## [Work to be completed]
Write out every entry, unchanged. Skip any picture.

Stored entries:

----

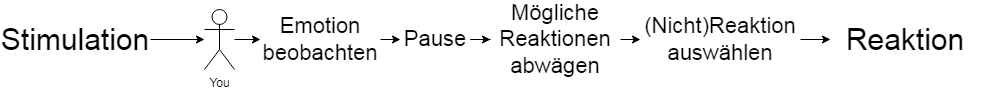

The diagram above was exported from draw.io. Its source (the exported page's mxGraphModel, read from the mxfile embedded in the PNG):
<mxGraphModel dx="1038" dy="491" grid="1" gridSize="10" guides="1" tooltips="1" connect="1" arrows="1" fold="1" page="1" pageScale="1" pageWidth="827" pageHeight="1169" math="0" shadow="0">
  <root>
    <mxCell id="0" />
    <mxCell id="1" parent="0" />
    <mxCell id="2gLBZyGxRr75bqvYwds1-1" value="You" style="shape=umlActor;verticalLabelPosition=bottom;verticalAlign=top;html=1;outlineConnect=0;" vertex="1" parent="1">
      <mxGeometry x="384" y="230" width="30" height="60" as="geometry" />
    </mxCell>
    <mxCell id="2gLBZyGxRr75bqvYwds1-2" value="&lt;font style=&quot;font-size: 30px;&quot;&gt;Stimulation&lt;/font&gt;" style="text;html=1;strokeColor=none;fillColor=none;align=center;verticalAlign=middle;whiteSpace=wrap;rounded=0;fontSize=30;" vertex="1" parent="1">
      <mxGeometry x="180" y="235" width="150" height="50" as="geometry" />
    </mxCell>
    <mxCell id="2gLBZyGxRr75bqvYwds1-3" value="" style="endArrow=classic;html=1;rounded=0;exitX=1;exitY=0.5;exitDx=0;exitDy=0;" edge="1" parent="1" source="2gLBZyGxRr75bqvYwds1-2" target="2gLBZyGxRr75bqvYwds1-1">
      <mxGeometry width="50" height="50" relative="1" as="geometry">
        <mxPoint x="390" y="310" as="sourcePoint" />
        <mxPoint x="440" y="260" as="targetPoint" />
      </mxGeometry>
    </mxCell>
    <mxCell id="2gLBZyGxRr75bqvYwds1-4" value="&lt;font style=&quot;font-size: 30px;&quot;&gt;Reaktion&lt;/font&gt;" style="text;html=1;strokeColor=none;fillColor=none;align=center;verticalAlign=middle;whiteSpace=wrap;rounded=0;fontSize=30;" vertex="1" parent="1">
      <mxGeometry x="1010" y="235" width="150" height="50" as="geometry" />
    </mxCell>
    <mxCell id="2gLBZyGxRr75bqvYwds1-9" value="" style="endArrow=classic;html=1;rounded=0;fontSize=30;entryX=0;entryY=0.5;entryDx=0;entryDy=0;" edge="1" parent="1" source="2gLBZyGxRr75bqvYwds1-1" target="2gLBZyGxRr75bqvYwds1-10">
      <mxGeometry width="50" height="50" relative="1" as="geometry">
        <mxPoint x="450" y="260" as="sourcePoint" />
        <mxPoint x="440" y="240" as="targetPoint" />
      </mxGeometry>
    </mxCell>
    <mxCell id="2gLBZyGxRr75bqvYwds1-14" style="edgeStyle=orthogonalEdgeStyle;rounded=0;orthogonalLoop=1;jettySize=auto;html=1;exitX=1;exitY=0.5;exitDx=0;exitDy=0;entryX=0;entryY=0.5;entryDx=0;entryDy=0;fontSize=22;" edge="1" parent="1" source="2gLBZyGxRr75bqvYwds1-10" target="2gLBZyGxRr75bqvYwds1-11">
      <mxGeometry relative="1" as="geometry" />
    </mxCell>
    <mxCell id="2gLBZyGxRr75bqvYwds1-10" value="Emotion&lt;br&gt;beobachten" style="text;html=1;strokeColor=none;fillColor=none;align=center;verticalAlign=middle;whiteSpace=wrap;rounded=0;fontSize=22;" vertex="1" parent="1">
      <mxGeometry x="440" y="235" width="120" height="50" as="geometry" />
    </mxCell>
    <mxCell id="2gLBZyGxRr75bqvYwds1-15" style="edgeStyle=orthogonalEdgeStyle;rounded=0;orthogonalLoop=1;jettySize=auto;html=1;entryX=0;entryY=0.5;entryDx=0;entryDy=0;fontSize=22;" edge="1" parent="1" source="2gLBZyGxRr75bqvYwds1-11" target="2gLBZyGxRr75bqvYwds1-12">
      <mxGeometry relative="1" as="geometry" />
    </mxCell>
    <mxCell id="2gLBZyGxRr75bqvYwds1-11" value="Pause" style="text;html=1;strokeColor=none;fillColor=none;align=center;verticalAlign=middle;whiteSpace=wrap;rounded=0;fontSize=22;" vertex="1" parent="1">
      <mxGeometry x="580" y="235" width="70" height="50" as="geometry" />
    </mxCell>
    <mxCell id="2gLBZyGxRr75bqvYwds1-16" style="edgeStyle=orthogonalEdgeStyle;rounded=0;orthogonalLoop=1;jettySize=auto;html=1;exitX=1;exitY=0.5;exitDx=0;exitDy=0;entryX=0;entryY=0.5;entryDx=0;entryDy=0;fontSize=22;" edge="1" parent="1" source="2gLBZyGxRr75bqvYwds1-12" target="2gLBZyGxRr75bqvYwds1-13">
      <mxGeometry relative="1" as="geometry" />
    </mxCell>
    <mxCell id="2gLBZyGxRr75bqvYwds1-12" value="Mögliche Reaktionen&lt;br&gt;abwägen" style="text;html=1;strokeColor=none;fillColor=none;align=center;verticalAlign=middle;whiteSpace=wrap;rounded=0;fontSize=22;" vertex="1" parent="1">
      <mxGeometry x="670" y="222.5" width="130" height="75" as="geometry" />
    </mxCell>
    <mxCell id="2gLBZyGxRr75bqvYwds1-17" style="edgeStyle=orthogonalEdgeStyle;rounded=0;orthogonalLoop=1;jettySize=auto;html=1;exitX=1;exitY=0.5;exitDx=0;exitDy=0;entryX=0;entryY=0.5;entryDx=0;entryDy=0;fontSize=22;" edge="1" parent="1" source="2gLBZyGxRr75bqvYwds1-13" target="2gLBZyGxRr75bqvYwds1-4">
      <mxGeometry relative="1" as="geometry" />
    </mxCell>
    <mxCell id="2gLBZyGxRr75bqvYwds1-13" value="(Nicht)Reaktion&lt;br&gt;auswählen" style="text;html=1;strokeColor=none;fillColor=none;align=center;verticalAlign=middle;whiteSpace=wrap;rounded=0;fontSize=22;" vertex="1" parent="1">
      <mxGeometry x="820" y="235" width="160" height="50" as="geometry" />
    </mxCell>
  </root>
</mxGraphModel>

----

## [Finished exercise]
The diagram above was exported from draw.io. Its source (the exported page's mxGraphModel, read from the mxfile embedded in the PNG):
<mxGraphModel dx="1038" dy="491" grid="1" gridSize="10" guides="1" tooltips="1" connect="1" arrows="1" fold="1" page="1" pageScale="1" pageWidth="827" pageHeight="1169" math="0" shadow="0">
  <root>
    <mxCell id="0" />
    <mxCell id="1" parent="0" />
    <mxCell id="2gLBZyGxRr75bqvYwds1-1" value="You" style="shape=umlActor;verticalLabelPosition=bottom;verticalAlign=top;html=1;outlineConnect=0;" vertex="1" parent="1">
      <mxGeometry x="384" y="230" width="30" height="60" as="geometry" />
    </mxCell>
    <mxCell id="2gLBZyGxRr75bqvYwds1-2" value="&lt;font style=&quot;font-size: 30px;&quot;&gt;Stimulation&lt;/font&gt;" style="text;html=1;strokeColor=none;fillColor=none;align=center;verticalAlign=middle;whiteSpace=wrap;rounded=0;fontSize=30;" vertex="1" parent="1">
      <mxGeometry x="180" y="235" width="150" height="50" as="geometry" />
    </mxCell>
    <mxCell id="2gLBZyGxRr75bqvYwds1-3" value="" style="endArrow=classic;html=1;rounded=0;exitX=1;exitY=0.5;exitDx=0;exitDy=0;" edge="1" parent="1" source="2gLBZyGxRr75bqvYwds1-2" target="2gLBZyGxRr75bqvYwds1-1">
      <mxGeometry width="50" height="50" relative="1" as="geometry">
        <mxPoint x="390" y="310" as="sourcePoint" />
        <mxPoint x="440" y="260" as="targetPoint" />
      </mxGeometry>
    </mxCell>
    <mxCell id="2gLBZyGxRr75bqvYwds1-4" value="&lt;font style=&quot;font-size: 30px;&quot;&gt;Reaktion&lt;/font&gt;" style="text;html=1;strokeColor=none;fillColor=none;align=center;verticalAlign=middle;whiteSpace=wrap;rounded=0;fontSize=30;" vertex="1" parent="1">
      <mxGeometry x="1010" y="235" width="150" height="50" as="geometry" />
    </mxCell>
    <mxCell id="2gLBZyGxRr75bqvYwds1-9" value="" style="endArrow=classic;html=1;rounded=0;fontSize=30;entryX=0;entryY=0.5;entryDx=0;entryDy=0;" edge="1" parent="1" source="2gLBZyGxRr75bqvYwds1-1" target="2gLBZyGxRr75bqvYwds1-10">
      <mxGeometry width="50" height="50" relative="1" as="geometry">
        <mxPoint x="450" y="260" as="sourcePoint" />
        <mxPoint x="440" y="240" as="targetPoint" />
      </mxGeometry>
    </mxCell>
    <mxCell id="2gLBZyGxRr75bqvYwds1-14" style="edgeStyle=orthogonalEdgeStyle;rounded=0;orthogonalLoop=1;jettySize=auto;html=1;exitX=1;exitY=0.5;exitDx=0;exitDy=0;entryX=0;entryY=0.5;entryDx=0;entryDy=0;fontSize=22;" edge="1" parent="1" source="2gLBZyGxRr75bqvYwds1-10" target="2gLBZyGxRr75bqvYwds1-11">
      <mxGeometry relative="1" as="geometry" />
    </mxCell>
    <mxCell id="2gLBZyGxRr75bqvYwds1-10" value="Emotion&lt;br&gt;beobachten" style="text;html=1;strokeColor=none;fillColor=none;align=center;verticalAlign=middle;whiteSpace=wrap;rounded=0;fontSize=22;" vertex="1" parent="1">
      <mxGeometry x="440" y="235" width="120" height="50" as="geometry" />
    </mxCell>
    <mxCell id="2gLBZyGxRr75bqvYwds1-15" style="edgeStyle=orthogonalEdgeStyle;rounded=0;orthogonalLoop=1;jettySize=auto;html=1;entryX=0;entryY=0.5;entryDx=0;entryDy=0;fontSize=22;" edge="1" parent="1" source="2gLBZyGxRr75bqvYwds1-11" target="2gLBZyGxRr75bqvYwds1-12">
      <mxGeometry relative="1" as="geometry" />
    </mxCell>
    <mxCell id="2gLBZyGxRr75bqvYwds1-11" value="Pause" style="text;html=1;strokeColor=none;fillColor=none;align=center;verticalAlign=middle;whiteSpace=wrap;rounded=0;fontSize=22;" vertex="1" parent="1">
      <mxGeometry x="580" y="235" width="70" height="50" as="geometry" />
    </mxCell>
    <mxCell id="2gLBZyGxRr75bqvYwds1-16" style="edgeStyle=orthogonalEdgeStyle;rounded=0;orthogonalLoop=1;jettySize=auto;html=1;exitX=1;exitY=0.5;exitDx=0;exitDy=0;entryX=0;entryY=0.5;entryDx=0;entryDy=0;fontSize=22;" edge="1" parent="1" source="2gLBZyGxRr75bqvYwds1-12" target="2gLBZyGxRr75bqvYwds1-13">
      <mxGeometry relative="1" as="geometry" />
    </mxCell>
    <mxCell id="2gLBZyGxRr75bqvYwds1-12" value="Mögliche Reaktionen&lt;br&gt;abwägen" style="text;html=1;strokeColor=none;fillColor=none;align=center;verticalAlign=middle;whiteSpace=wrap;rounded=0;fontSize=22;" vertex="1" parent="1">
      <mxGeometry x="670" y="222.5" width="130" height="75" as="geometry" />
    </mxCell>
    <mxCell id="2gLBZyGxRr75bqvYwds1-17" style="edgeStyle=orthogonalEdgeStyle;rounded=0;orthogonalLoop=1;jettySize=auto;html=1;exitX=1;exitY=0.5;exitDx=0;exitDy=0;entryX=0;entryY=0.5;entryDx=0;entryDy=0;fontSize=22;" edge="1" parent="1" source="2gLBZyGxRr75bqvYwds1-13" target="2gLBZyGxRr75bqvYwds1-4">
      <mxGeometry relative="1" as="geometry" />
    </mxCell>
    <mxCell id="2gLBZyGxRr75bqvYwds1-13" value="(Nicht)Reaktion&lt;br&gt;auswählen" style="text;html=1;strokeColor=none;fillColor=none;align=center;verticalAlign=middle;whiteSpace=wrap;rounded=0;fontSize=22;" vertex="1" parent="1">
      <mxGeometry x="820" y="235" width="160" height="50" as="geometry" />
    </mxCell>
  </root>
</mxGraphModel>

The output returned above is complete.